> **What you should do**: Among the lines below, keep only those from the one containing "#61=LINE('',#60,#59);" through the one containing "#85=EDGE_LOOP('',(#33,#41,#49,#57,#65,#69,#77,#84));", and reproduce them exactly.

> **Available records**:
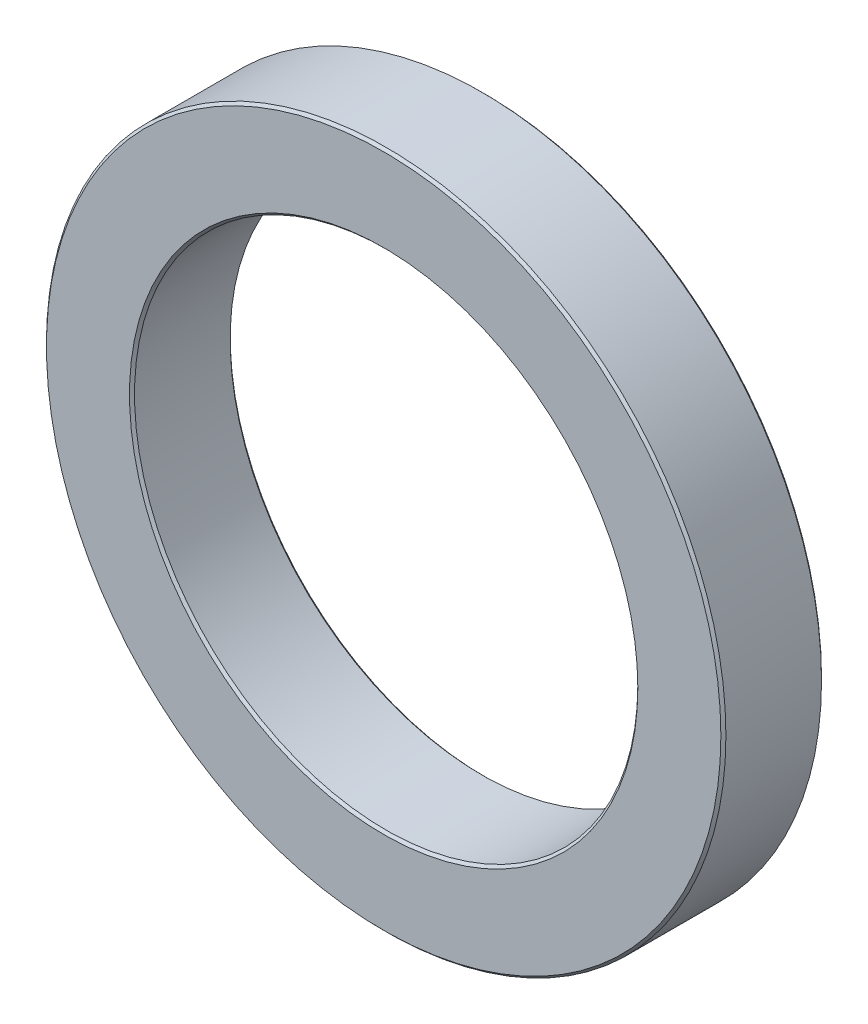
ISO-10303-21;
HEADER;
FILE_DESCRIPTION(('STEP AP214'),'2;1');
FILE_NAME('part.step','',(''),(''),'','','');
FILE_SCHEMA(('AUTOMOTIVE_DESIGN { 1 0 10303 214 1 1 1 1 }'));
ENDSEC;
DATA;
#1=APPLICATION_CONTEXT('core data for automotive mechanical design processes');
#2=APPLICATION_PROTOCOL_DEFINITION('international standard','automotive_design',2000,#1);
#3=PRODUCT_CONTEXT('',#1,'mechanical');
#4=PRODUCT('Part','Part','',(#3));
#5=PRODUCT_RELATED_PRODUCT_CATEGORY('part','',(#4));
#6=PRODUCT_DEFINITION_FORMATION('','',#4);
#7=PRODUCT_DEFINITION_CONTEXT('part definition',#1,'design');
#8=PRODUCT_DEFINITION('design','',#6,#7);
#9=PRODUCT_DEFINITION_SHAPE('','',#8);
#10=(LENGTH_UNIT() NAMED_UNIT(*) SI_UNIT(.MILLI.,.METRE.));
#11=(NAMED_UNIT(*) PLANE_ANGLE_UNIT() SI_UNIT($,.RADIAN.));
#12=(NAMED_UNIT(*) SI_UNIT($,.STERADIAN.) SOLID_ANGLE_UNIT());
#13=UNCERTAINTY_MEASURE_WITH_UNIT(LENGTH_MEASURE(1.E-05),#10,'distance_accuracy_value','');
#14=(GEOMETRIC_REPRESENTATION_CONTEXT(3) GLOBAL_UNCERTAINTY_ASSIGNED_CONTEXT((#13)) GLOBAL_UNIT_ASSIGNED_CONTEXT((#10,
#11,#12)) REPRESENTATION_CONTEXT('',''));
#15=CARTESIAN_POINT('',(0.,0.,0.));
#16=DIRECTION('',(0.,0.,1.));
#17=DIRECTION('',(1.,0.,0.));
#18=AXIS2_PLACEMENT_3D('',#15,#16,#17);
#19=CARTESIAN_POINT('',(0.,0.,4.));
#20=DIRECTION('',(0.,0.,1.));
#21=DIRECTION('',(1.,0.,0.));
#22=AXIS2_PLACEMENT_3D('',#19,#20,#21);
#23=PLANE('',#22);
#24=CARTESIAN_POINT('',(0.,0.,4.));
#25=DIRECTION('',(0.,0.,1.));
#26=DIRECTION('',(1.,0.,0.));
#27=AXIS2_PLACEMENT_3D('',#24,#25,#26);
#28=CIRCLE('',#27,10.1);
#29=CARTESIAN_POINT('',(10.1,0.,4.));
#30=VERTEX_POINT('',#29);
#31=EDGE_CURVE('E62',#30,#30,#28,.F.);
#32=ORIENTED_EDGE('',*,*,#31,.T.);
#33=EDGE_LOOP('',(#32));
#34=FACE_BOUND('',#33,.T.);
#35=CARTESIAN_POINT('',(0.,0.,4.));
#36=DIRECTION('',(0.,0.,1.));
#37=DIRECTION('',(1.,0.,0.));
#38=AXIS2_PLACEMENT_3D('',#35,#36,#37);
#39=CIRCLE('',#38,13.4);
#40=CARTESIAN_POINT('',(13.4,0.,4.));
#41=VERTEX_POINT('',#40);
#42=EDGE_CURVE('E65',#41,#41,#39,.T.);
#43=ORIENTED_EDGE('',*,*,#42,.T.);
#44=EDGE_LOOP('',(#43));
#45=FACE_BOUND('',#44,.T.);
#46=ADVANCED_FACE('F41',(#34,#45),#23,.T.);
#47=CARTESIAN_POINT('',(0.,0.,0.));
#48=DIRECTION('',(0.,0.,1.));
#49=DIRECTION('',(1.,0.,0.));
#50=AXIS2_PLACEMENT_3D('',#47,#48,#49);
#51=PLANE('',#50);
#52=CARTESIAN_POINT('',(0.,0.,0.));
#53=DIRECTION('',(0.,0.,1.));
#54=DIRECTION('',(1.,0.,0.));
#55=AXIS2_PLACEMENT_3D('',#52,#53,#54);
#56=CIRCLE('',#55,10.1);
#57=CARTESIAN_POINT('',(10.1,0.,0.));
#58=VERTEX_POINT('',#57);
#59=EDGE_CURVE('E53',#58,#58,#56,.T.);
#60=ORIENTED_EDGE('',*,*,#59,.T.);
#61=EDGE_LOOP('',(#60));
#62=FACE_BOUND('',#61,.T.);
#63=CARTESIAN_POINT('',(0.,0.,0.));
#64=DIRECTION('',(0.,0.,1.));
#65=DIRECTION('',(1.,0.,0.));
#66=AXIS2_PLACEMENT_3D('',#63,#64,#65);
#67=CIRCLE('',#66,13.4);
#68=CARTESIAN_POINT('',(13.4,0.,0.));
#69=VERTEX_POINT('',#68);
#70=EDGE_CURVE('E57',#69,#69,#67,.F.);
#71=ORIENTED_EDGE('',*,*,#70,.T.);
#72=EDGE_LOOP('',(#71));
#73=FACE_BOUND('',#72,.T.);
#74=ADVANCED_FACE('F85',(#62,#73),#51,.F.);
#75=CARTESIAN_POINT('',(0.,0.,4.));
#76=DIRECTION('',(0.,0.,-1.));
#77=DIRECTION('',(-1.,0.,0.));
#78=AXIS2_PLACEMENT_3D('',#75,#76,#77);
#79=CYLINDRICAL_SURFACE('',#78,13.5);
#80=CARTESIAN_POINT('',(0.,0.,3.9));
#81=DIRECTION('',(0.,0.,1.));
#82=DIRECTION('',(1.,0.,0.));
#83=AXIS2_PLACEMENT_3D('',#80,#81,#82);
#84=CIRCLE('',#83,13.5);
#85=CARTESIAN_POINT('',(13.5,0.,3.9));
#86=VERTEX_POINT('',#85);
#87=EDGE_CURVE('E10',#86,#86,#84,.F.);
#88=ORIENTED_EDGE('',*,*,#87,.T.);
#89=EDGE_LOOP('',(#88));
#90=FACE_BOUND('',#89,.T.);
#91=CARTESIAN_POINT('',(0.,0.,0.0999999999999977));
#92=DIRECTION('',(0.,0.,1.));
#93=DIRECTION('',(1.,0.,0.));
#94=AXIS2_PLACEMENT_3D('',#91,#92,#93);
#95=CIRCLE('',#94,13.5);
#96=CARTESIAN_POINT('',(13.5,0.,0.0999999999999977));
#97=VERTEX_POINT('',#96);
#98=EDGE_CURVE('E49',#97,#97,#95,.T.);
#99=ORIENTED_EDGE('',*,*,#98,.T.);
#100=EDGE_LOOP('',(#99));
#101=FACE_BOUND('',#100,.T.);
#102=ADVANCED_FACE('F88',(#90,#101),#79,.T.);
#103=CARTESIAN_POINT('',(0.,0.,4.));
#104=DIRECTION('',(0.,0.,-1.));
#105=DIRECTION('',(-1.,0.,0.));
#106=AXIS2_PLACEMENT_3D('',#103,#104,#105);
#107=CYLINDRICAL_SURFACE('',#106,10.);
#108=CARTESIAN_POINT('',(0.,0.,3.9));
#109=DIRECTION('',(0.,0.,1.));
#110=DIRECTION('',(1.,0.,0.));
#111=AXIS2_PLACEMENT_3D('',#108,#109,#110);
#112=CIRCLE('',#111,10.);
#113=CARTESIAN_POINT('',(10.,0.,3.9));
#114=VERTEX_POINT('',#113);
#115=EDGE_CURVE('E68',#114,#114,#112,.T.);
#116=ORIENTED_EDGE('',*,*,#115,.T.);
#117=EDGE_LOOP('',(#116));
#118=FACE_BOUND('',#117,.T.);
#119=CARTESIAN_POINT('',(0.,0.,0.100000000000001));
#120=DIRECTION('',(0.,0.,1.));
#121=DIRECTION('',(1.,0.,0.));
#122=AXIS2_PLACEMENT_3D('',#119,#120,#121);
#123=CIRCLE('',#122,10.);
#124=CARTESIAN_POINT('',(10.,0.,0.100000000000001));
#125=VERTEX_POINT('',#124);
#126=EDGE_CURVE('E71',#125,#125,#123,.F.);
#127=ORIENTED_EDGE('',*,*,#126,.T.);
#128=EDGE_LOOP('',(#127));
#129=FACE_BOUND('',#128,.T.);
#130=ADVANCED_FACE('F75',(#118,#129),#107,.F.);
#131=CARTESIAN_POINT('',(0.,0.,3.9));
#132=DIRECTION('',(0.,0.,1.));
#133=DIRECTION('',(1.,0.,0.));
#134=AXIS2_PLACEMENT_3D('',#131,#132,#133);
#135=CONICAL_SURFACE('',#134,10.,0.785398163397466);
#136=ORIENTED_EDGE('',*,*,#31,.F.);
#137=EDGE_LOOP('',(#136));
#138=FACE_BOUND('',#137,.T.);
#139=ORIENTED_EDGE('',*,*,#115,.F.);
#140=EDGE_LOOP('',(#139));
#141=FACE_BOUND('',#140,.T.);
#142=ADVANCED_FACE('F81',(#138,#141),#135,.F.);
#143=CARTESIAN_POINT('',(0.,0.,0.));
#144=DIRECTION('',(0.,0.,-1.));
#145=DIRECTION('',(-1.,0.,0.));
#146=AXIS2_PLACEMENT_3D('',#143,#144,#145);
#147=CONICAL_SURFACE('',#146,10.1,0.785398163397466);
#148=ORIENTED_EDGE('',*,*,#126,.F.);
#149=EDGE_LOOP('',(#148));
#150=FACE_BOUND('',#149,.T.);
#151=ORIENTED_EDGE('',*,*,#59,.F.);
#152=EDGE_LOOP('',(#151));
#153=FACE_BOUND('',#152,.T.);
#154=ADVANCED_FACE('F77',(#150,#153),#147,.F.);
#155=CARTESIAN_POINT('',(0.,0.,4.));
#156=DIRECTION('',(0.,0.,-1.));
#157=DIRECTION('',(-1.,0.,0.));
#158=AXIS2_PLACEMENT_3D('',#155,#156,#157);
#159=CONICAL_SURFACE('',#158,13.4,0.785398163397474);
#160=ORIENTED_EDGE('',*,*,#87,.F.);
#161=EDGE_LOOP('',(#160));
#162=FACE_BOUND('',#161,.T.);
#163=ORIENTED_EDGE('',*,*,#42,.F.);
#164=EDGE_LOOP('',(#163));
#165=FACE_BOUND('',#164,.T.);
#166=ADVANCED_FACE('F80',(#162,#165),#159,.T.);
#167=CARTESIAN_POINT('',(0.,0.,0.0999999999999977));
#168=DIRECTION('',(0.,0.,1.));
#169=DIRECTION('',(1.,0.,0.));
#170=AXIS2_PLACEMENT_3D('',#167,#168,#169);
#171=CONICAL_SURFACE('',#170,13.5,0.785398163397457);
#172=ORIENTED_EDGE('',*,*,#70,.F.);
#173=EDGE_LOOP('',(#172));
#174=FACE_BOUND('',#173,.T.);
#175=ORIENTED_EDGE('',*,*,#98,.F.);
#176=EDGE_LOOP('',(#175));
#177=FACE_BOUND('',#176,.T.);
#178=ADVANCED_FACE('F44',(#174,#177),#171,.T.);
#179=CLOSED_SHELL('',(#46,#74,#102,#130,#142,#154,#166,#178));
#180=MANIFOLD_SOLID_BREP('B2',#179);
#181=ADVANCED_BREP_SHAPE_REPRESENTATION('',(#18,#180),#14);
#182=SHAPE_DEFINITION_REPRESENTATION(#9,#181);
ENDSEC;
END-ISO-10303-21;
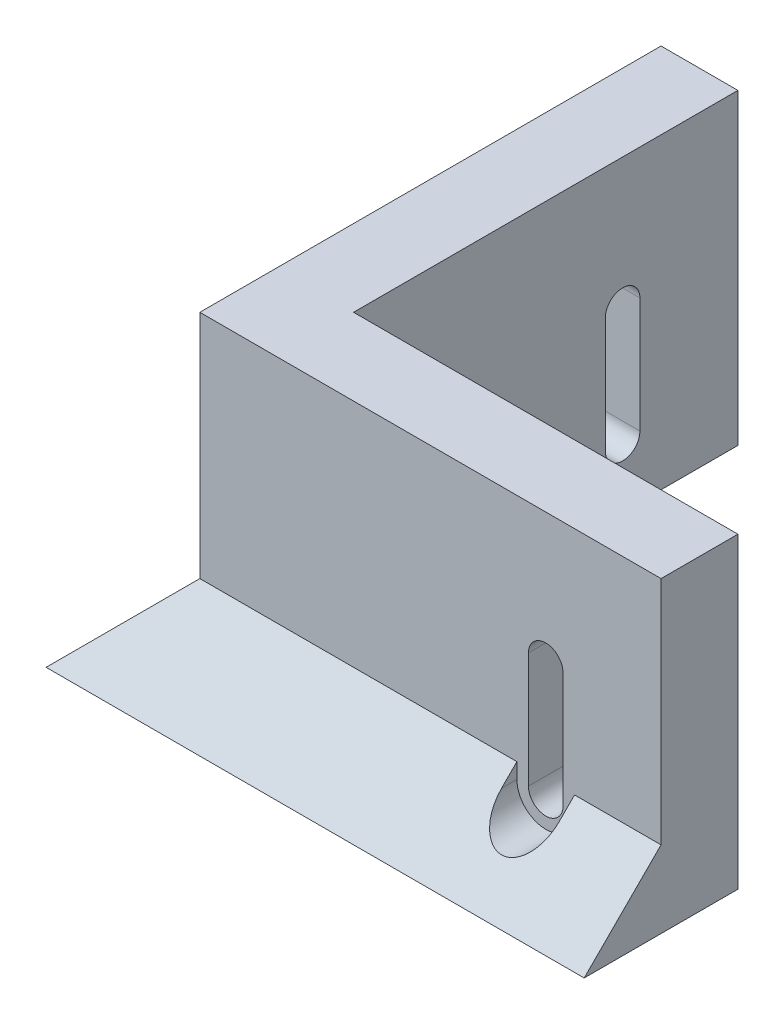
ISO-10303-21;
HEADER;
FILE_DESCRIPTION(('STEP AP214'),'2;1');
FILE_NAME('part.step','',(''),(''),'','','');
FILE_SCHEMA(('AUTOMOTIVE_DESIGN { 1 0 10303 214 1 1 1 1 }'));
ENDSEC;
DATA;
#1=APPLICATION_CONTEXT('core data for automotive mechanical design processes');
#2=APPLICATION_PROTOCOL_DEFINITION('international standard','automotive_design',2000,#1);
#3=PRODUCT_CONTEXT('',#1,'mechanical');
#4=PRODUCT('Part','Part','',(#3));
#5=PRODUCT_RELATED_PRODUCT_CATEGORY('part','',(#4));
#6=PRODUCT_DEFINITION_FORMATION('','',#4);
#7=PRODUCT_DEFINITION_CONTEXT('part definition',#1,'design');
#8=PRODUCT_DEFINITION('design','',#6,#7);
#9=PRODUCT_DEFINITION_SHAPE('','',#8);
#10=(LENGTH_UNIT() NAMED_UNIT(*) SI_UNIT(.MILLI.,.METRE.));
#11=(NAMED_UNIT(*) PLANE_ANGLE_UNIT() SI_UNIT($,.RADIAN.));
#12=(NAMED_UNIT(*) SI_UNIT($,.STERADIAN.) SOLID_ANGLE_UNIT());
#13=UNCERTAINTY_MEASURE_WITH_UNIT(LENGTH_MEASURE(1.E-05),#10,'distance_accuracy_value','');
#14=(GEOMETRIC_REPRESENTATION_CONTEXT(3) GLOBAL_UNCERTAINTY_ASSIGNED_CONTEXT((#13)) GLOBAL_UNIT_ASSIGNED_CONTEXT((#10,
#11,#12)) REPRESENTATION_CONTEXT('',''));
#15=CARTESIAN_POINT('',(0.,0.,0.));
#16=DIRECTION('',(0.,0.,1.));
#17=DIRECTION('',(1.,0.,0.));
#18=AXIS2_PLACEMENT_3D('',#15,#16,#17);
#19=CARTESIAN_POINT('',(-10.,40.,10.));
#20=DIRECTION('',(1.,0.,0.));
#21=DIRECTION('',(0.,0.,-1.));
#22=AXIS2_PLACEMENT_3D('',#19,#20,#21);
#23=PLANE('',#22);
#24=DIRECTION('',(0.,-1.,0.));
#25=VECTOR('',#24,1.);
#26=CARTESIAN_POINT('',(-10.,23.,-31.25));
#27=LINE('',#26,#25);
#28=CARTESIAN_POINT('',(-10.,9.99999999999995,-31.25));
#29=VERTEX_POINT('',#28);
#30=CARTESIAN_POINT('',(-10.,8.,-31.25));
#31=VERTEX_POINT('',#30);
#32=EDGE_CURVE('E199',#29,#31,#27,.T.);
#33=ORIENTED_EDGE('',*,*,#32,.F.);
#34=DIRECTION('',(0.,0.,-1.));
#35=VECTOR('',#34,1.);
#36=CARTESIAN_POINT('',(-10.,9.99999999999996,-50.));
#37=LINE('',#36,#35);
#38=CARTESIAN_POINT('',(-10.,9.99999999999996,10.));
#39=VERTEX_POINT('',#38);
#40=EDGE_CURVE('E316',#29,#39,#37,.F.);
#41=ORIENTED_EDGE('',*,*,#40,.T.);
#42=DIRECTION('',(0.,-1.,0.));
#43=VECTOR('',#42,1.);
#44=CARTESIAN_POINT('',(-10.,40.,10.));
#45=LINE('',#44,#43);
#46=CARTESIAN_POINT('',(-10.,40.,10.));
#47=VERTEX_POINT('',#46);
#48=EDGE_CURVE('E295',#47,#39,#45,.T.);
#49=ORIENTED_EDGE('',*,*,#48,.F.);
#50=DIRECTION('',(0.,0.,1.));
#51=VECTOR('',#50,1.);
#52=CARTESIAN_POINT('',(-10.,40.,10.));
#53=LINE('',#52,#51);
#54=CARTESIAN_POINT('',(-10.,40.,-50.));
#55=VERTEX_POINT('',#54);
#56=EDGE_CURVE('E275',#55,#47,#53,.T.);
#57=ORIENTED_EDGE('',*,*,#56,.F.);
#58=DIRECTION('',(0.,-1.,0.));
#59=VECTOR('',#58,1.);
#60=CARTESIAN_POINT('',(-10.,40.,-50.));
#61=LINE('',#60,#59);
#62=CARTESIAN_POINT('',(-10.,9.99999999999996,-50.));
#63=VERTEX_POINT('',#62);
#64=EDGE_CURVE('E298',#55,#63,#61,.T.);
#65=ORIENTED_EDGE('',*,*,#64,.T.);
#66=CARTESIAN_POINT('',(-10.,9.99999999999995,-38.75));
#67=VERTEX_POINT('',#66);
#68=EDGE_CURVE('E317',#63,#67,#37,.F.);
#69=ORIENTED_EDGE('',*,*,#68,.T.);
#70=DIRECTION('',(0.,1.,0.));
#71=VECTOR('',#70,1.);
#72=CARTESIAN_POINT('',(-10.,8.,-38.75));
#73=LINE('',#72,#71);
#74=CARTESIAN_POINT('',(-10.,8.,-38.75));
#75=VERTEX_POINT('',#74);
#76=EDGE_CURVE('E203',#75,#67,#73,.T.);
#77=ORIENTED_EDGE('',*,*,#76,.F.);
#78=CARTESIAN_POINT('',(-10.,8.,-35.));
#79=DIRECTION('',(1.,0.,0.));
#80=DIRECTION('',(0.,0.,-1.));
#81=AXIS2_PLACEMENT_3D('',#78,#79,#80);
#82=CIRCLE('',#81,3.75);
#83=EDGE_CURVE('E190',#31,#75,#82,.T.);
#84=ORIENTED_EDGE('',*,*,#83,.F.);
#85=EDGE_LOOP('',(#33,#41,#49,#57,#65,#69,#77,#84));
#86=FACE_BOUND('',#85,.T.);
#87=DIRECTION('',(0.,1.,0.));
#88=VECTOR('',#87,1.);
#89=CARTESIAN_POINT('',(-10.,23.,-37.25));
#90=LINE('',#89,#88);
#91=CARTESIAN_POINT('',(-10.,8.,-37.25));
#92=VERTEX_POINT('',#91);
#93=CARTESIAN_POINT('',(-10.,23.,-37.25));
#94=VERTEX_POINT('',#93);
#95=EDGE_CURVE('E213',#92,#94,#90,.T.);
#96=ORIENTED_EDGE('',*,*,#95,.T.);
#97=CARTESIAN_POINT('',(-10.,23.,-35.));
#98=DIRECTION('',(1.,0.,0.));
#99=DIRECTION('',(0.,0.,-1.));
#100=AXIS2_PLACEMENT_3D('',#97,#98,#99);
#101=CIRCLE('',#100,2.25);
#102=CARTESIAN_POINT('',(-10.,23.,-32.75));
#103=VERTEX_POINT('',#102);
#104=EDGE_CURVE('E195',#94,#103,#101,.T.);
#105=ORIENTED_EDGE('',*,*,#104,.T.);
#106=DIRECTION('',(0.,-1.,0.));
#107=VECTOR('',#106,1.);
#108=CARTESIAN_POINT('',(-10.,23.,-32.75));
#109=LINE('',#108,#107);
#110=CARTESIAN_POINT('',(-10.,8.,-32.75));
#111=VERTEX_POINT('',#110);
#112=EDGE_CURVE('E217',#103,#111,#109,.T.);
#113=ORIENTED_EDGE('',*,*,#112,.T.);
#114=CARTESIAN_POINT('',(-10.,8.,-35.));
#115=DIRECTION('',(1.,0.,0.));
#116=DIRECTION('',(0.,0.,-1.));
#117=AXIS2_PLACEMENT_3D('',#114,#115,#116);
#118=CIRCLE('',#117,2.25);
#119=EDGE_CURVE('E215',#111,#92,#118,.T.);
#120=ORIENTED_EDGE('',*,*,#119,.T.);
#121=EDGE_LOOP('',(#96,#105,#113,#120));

> **Solution below**:
#61=LINE('',#60,#59);
#62=CARTESIAN_POINT('',(-10.,9.99999999999996,-50.));
#63=VERTEX_POINT('',#62);
#64=EDGE_CURVE('E298',#55,#63,#61,.T.);
#65=ORIENTED_EDGE('',*,*,#64,.T.);
#66=CARTESIAN_POINT('',(-10.,9.99999999999995,-38.75));
#67=VERTEX_POINT('',#66);
#68=EDGE_CURVE('E317',#63,#67,#37,.F.);
#69=ORIENTED_EDGE('',*,*,#68,.T.);
#70=DIRECTION('',(0.,1.,0.));
#71=VECTOR('',#70,1.);
#72=CARTESIAN_POINT('',(-10.,8.,-38.75));
#73=LINE('',#72,#71);
#74=CARTESIAN_POINT('',(-10.,8.,-38.75));
#75=VERTEX_POINT('',#74);
#76=EDGE_CURVE('E203',#75,#67,#73,.T.);
#77=ORIENTED_EDGE('',*,*,#76,.F.);
#78=CARTESIAN_POINT('',(-10.,8.,-35.));
#79=DIRECTION('',(1.,0.,0.));
#80=DIRECTION('',(0.,0.,-1.));
#81=AXIS2_PLACEMENT_3D('',#78,#79,#80);
#82=CIRCLE('',#81,3.75);
#83=EDGE_CURVE('E190',#31,#75,#82,.T.);
#84=ORIENTED_EDGE('',*,*,#83,.F.);
#85=EDGE_LOOP('',(#33,#41,#49,#57,#65,#69,#77,#84));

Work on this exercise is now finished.